**PROBLEM:** Look in the material below for the line with "Constant4/1 -> Math Function1/2" and the line with "Constant6/1 -> Switch/1, Switch1/1", then set down exactly those two lines and all lines between, nothing more.

_____

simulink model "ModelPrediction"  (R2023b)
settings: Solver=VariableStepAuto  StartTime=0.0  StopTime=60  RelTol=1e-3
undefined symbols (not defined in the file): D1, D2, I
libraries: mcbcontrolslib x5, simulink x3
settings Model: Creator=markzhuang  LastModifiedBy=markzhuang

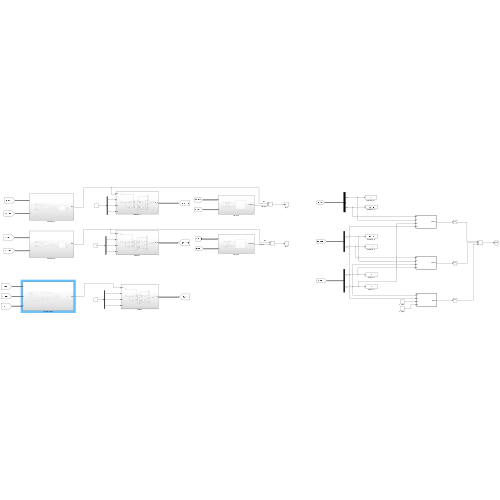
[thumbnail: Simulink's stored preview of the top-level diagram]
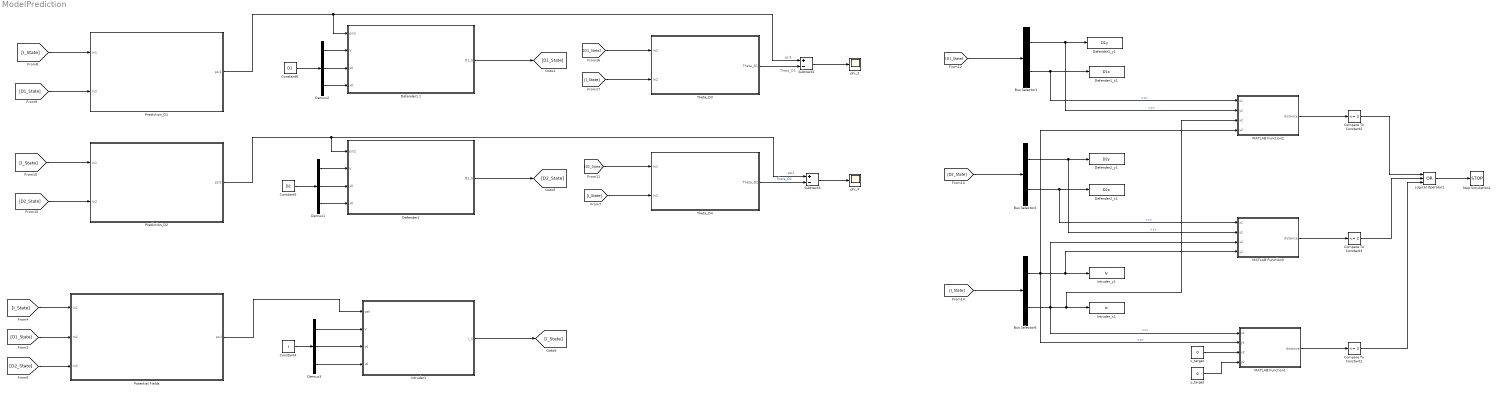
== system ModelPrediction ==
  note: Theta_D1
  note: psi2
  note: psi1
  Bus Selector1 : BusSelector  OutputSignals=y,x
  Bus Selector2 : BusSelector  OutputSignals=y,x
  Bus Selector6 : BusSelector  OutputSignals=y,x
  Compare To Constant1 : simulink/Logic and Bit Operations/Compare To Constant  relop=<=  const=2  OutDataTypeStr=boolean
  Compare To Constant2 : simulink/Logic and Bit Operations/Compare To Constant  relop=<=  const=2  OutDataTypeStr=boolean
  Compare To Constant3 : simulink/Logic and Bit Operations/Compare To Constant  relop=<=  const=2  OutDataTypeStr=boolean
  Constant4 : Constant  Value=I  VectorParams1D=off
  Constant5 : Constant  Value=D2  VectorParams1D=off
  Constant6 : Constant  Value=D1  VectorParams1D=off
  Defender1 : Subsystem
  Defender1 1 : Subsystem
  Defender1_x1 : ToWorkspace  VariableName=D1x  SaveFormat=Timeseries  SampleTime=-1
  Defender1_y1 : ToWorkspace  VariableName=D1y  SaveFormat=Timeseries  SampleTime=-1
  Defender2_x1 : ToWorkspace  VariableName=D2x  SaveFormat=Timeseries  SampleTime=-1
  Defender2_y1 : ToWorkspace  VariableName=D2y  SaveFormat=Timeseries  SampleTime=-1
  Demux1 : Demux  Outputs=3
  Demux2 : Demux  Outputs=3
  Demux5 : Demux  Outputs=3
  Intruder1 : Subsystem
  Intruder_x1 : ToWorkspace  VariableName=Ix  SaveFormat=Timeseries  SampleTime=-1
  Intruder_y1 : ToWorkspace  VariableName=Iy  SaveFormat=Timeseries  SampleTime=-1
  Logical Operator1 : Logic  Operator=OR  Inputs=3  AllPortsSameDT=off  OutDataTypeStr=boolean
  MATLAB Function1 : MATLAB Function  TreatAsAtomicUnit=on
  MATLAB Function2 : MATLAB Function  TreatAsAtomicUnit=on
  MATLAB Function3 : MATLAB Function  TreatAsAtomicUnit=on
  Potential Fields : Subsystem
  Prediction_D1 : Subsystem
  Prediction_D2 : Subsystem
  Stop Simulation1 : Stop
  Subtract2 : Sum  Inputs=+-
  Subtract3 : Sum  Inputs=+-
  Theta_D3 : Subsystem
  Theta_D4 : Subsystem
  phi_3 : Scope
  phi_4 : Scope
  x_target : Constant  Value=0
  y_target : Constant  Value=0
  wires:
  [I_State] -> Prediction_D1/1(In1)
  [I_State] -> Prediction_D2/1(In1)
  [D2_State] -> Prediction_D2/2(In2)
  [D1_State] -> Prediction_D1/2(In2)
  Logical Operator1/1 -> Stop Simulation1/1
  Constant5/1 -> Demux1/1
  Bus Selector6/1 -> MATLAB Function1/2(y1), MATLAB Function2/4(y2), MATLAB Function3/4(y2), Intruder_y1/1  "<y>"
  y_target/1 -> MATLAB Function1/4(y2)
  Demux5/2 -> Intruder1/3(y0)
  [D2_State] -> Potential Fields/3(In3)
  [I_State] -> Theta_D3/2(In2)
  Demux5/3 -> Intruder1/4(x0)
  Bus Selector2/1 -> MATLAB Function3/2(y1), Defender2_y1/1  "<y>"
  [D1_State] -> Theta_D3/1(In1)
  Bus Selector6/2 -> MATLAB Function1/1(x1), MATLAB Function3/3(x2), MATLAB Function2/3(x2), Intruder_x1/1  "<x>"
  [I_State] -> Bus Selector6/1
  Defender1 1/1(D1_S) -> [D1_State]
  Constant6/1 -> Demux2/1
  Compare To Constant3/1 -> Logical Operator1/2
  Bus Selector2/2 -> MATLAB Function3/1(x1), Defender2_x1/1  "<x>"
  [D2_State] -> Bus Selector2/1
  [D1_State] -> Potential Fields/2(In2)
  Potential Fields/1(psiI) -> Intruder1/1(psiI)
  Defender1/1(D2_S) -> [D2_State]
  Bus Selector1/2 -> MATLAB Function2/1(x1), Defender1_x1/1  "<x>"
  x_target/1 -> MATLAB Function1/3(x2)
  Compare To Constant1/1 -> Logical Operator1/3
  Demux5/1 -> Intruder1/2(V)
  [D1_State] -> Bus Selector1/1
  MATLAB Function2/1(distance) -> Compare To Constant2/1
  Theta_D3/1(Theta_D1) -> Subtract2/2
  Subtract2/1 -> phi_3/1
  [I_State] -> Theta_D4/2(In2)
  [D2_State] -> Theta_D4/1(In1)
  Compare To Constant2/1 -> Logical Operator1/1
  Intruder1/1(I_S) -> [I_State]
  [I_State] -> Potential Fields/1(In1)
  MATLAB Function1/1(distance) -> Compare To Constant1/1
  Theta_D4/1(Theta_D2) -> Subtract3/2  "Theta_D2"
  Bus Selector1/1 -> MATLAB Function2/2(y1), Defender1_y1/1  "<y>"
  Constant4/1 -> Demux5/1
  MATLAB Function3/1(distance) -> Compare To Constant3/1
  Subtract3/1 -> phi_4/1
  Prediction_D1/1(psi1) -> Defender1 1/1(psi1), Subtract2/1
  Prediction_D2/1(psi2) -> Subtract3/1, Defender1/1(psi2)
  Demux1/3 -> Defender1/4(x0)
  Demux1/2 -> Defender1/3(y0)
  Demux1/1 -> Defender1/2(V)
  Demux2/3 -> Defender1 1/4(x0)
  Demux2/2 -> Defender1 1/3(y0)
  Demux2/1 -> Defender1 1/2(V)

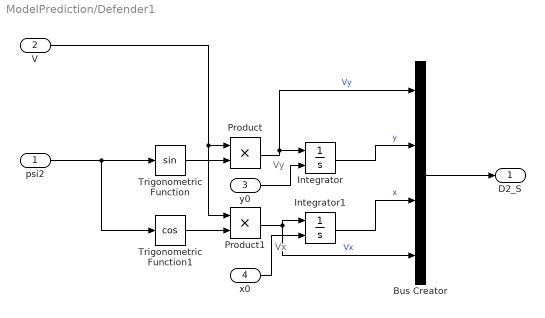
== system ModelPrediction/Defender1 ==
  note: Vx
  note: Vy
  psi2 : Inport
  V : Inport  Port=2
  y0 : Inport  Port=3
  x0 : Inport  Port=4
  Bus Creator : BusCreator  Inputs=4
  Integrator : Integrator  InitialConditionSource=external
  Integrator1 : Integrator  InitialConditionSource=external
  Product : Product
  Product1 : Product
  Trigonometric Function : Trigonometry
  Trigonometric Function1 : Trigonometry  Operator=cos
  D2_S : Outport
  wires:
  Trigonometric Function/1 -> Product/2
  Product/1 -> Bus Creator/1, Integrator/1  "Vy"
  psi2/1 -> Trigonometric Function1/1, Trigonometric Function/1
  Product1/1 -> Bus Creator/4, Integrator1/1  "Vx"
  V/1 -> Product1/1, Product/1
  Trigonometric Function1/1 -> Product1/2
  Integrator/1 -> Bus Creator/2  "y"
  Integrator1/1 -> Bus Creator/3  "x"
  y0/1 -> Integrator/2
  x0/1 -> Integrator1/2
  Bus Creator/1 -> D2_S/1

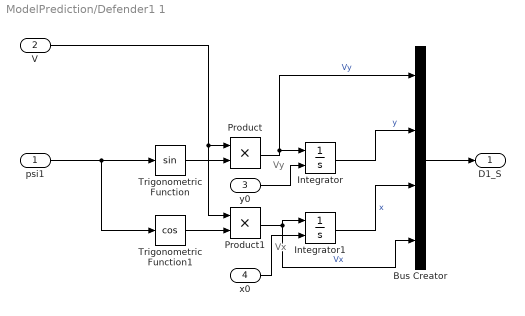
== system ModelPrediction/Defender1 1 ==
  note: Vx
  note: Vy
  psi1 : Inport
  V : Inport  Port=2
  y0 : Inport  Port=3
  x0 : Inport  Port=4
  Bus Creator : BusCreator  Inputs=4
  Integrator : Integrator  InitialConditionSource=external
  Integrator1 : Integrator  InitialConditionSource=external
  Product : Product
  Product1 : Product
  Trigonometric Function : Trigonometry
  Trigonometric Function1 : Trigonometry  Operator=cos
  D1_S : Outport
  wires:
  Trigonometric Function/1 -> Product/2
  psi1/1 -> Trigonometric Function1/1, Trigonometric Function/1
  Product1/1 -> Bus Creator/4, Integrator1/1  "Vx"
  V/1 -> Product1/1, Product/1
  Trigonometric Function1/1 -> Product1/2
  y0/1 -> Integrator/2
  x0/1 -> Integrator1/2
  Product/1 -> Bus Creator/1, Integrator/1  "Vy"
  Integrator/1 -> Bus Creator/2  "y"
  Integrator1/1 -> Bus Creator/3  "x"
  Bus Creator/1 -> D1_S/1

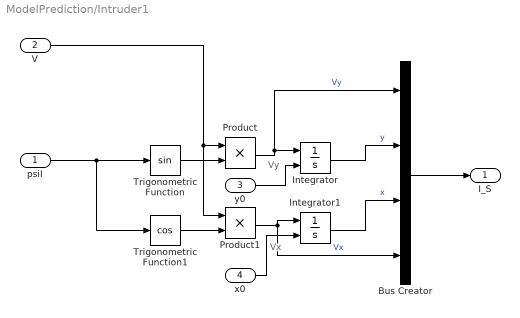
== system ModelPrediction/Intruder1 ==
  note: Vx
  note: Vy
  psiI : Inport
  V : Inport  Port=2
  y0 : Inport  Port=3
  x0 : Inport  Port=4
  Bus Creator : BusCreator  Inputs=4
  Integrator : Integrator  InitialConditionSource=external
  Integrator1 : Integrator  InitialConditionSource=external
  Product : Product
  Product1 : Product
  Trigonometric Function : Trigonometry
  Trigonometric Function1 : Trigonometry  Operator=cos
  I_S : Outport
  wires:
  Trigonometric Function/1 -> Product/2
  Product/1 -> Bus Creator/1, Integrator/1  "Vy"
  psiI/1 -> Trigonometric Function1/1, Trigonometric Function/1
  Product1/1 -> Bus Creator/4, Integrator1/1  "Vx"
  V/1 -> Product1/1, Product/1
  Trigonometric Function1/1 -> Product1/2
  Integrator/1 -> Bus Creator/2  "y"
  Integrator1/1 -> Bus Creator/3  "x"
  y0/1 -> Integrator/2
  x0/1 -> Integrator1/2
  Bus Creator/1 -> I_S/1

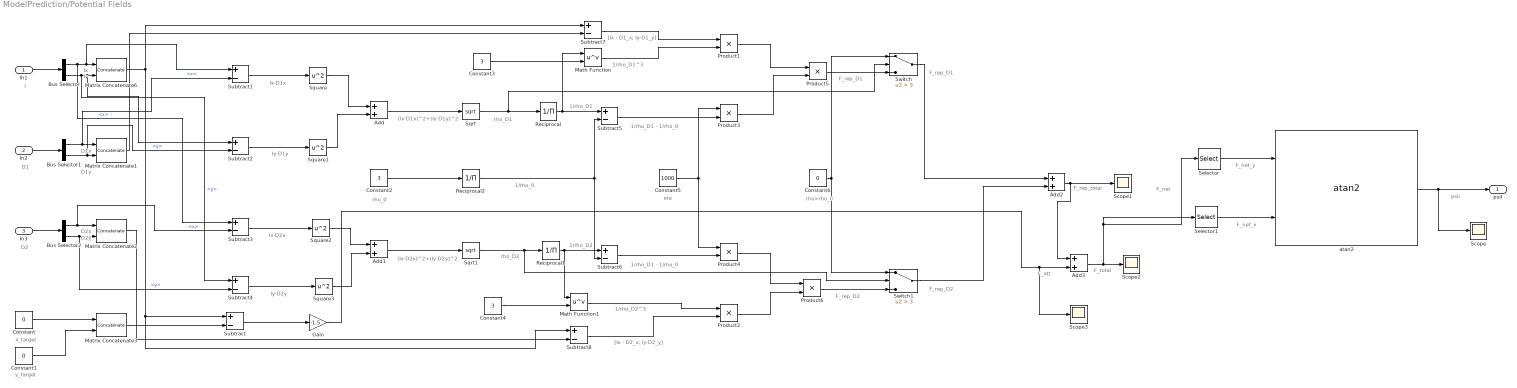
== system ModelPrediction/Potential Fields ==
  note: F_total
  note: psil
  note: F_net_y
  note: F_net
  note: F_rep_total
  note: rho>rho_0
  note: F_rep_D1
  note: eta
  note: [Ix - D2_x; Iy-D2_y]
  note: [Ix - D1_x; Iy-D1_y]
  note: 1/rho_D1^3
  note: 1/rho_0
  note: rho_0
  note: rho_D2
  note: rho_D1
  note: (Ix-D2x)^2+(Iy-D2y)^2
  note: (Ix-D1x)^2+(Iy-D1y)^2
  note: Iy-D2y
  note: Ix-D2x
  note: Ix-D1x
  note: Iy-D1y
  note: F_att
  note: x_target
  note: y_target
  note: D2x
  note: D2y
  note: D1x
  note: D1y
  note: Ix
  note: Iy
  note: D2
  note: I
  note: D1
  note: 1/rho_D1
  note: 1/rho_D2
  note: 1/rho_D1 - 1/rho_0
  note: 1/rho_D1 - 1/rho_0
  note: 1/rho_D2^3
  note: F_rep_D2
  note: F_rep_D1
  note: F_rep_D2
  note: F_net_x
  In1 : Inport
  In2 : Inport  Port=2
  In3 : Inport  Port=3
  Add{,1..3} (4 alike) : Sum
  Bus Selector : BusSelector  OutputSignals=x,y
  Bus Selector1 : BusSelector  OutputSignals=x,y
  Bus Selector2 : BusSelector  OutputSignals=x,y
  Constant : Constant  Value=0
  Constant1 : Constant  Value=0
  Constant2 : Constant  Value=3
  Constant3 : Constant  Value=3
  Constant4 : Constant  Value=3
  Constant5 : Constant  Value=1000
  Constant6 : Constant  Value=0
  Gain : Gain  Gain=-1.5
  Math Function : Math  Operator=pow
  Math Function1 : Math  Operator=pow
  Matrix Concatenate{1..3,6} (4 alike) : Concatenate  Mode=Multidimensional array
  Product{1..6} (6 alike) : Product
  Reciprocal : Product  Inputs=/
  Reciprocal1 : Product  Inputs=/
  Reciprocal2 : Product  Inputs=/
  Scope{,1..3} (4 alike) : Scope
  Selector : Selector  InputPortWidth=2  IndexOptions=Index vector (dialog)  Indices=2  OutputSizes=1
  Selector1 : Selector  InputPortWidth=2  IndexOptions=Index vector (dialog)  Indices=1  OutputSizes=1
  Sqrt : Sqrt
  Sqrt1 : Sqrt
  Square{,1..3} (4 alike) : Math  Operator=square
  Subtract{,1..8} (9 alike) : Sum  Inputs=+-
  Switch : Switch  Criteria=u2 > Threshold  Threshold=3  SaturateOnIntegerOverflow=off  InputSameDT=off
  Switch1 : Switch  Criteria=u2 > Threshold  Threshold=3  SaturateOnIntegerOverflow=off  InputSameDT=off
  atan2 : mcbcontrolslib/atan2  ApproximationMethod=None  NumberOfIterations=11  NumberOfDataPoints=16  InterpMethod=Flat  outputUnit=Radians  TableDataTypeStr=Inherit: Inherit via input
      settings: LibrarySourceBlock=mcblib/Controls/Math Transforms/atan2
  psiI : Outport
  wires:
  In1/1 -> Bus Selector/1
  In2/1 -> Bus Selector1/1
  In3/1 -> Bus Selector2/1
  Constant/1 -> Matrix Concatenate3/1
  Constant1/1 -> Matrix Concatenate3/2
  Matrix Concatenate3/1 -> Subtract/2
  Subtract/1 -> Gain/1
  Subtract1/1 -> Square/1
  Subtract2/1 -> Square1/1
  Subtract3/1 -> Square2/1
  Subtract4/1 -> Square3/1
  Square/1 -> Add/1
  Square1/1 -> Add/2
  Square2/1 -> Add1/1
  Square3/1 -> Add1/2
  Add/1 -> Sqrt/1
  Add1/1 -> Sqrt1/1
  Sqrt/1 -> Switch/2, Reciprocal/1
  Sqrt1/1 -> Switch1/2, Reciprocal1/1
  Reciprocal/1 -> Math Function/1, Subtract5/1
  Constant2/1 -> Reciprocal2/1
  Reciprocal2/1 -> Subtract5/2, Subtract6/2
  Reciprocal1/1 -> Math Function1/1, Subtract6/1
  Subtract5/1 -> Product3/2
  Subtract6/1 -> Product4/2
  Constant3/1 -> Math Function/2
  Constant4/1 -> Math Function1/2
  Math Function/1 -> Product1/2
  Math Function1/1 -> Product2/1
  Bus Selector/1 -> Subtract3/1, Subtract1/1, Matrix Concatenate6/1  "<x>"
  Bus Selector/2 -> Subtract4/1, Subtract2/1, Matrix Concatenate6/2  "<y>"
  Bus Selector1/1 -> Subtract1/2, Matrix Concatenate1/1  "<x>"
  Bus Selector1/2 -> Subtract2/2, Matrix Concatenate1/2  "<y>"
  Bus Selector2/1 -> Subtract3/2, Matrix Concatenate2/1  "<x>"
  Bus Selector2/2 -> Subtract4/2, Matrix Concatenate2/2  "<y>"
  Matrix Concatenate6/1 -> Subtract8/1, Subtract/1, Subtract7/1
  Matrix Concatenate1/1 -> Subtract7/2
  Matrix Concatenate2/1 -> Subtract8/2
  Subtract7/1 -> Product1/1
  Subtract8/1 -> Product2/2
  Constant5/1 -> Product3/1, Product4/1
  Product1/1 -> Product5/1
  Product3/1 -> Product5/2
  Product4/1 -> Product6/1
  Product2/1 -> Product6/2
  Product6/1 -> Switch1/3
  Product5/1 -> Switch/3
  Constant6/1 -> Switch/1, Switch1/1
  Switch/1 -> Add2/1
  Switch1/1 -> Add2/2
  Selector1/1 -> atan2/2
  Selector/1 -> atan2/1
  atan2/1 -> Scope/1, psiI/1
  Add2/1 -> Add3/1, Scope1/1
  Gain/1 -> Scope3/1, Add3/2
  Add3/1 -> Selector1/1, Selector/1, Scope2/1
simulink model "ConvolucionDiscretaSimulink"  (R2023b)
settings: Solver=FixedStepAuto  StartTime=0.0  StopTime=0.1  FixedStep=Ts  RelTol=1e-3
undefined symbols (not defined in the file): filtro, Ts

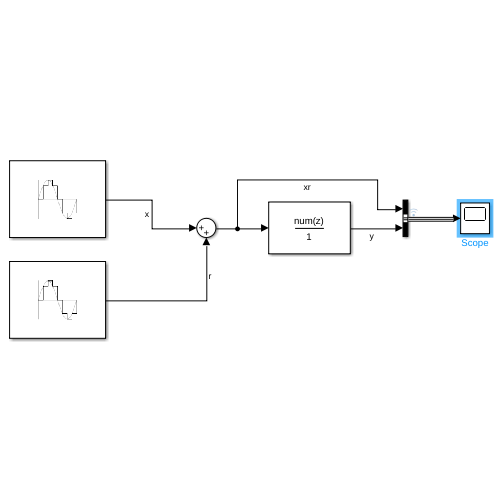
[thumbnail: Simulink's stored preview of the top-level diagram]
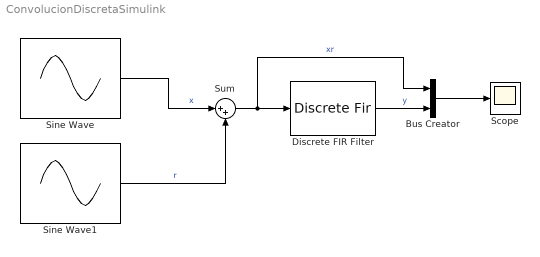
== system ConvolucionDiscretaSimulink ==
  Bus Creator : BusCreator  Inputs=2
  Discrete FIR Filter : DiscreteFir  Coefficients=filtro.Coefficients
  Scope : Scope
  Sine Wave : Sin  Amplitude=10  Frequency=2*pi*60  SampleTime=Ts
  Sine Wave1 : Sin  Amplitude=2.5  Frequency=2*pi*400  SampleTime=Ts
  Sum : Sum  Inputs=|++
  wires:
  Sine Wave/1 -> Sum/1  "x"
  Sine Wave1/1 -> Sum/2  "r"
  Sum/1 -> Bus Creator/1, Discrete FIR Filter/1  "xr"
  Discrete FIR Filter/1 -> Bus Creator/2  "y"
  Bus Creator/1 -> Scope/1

_____

**WORKED SOLUTION:**
  Constant4/1 -> Math Function1/2
  Math Function/1 -> Product1/2
  Math Function1/1 -> Product2/1
  Bus Selector/1 -> Subtract3/1, Subtract1/1, Matrix Concatenate6/1  "<x>"
  Bus Selector/2 -> Subtract4/1, Subtract2/1, Matrix Concatenate6/2  "<y>"
  Bus Selector1/1 -> Subtract1/2, Matrix Concatenate1/1  "<x>"
  Bus Selector1/2 -> Subtract2/2, Matrix Concatenate1/2  "<y>"
  Bus Selector2/1 -> Subtract3/2, Matrix Concatenate2/1  "<x>"
  Bus Selector2/2 -> Subtract4/2, Matrix Concatenate2/2  "<y>"
  Matrix Concatenate6/1 -> Subtract8/1, Subtract/1, Subtract7/1
  Matrix Concatenate1/1 -> Subtract7/2
  Matrix Concatenate2/1 -> Subtract8/2
  Subtract7/1 -> Product1/1
  Subtract8/1 -> Product2/2
  Constant5/1 -> Product3/1, Product4/1
  Product1/1 -> Product5/1
  Product3/1 -> Product5/2
  Product4/1 -> Product6/1
  Product2/1 -> Product6/2
  Product6/1 -> Switch1/3
  Product5/1 -> Switch/3
  Constant6/1 -> Switch/1, Switch1/1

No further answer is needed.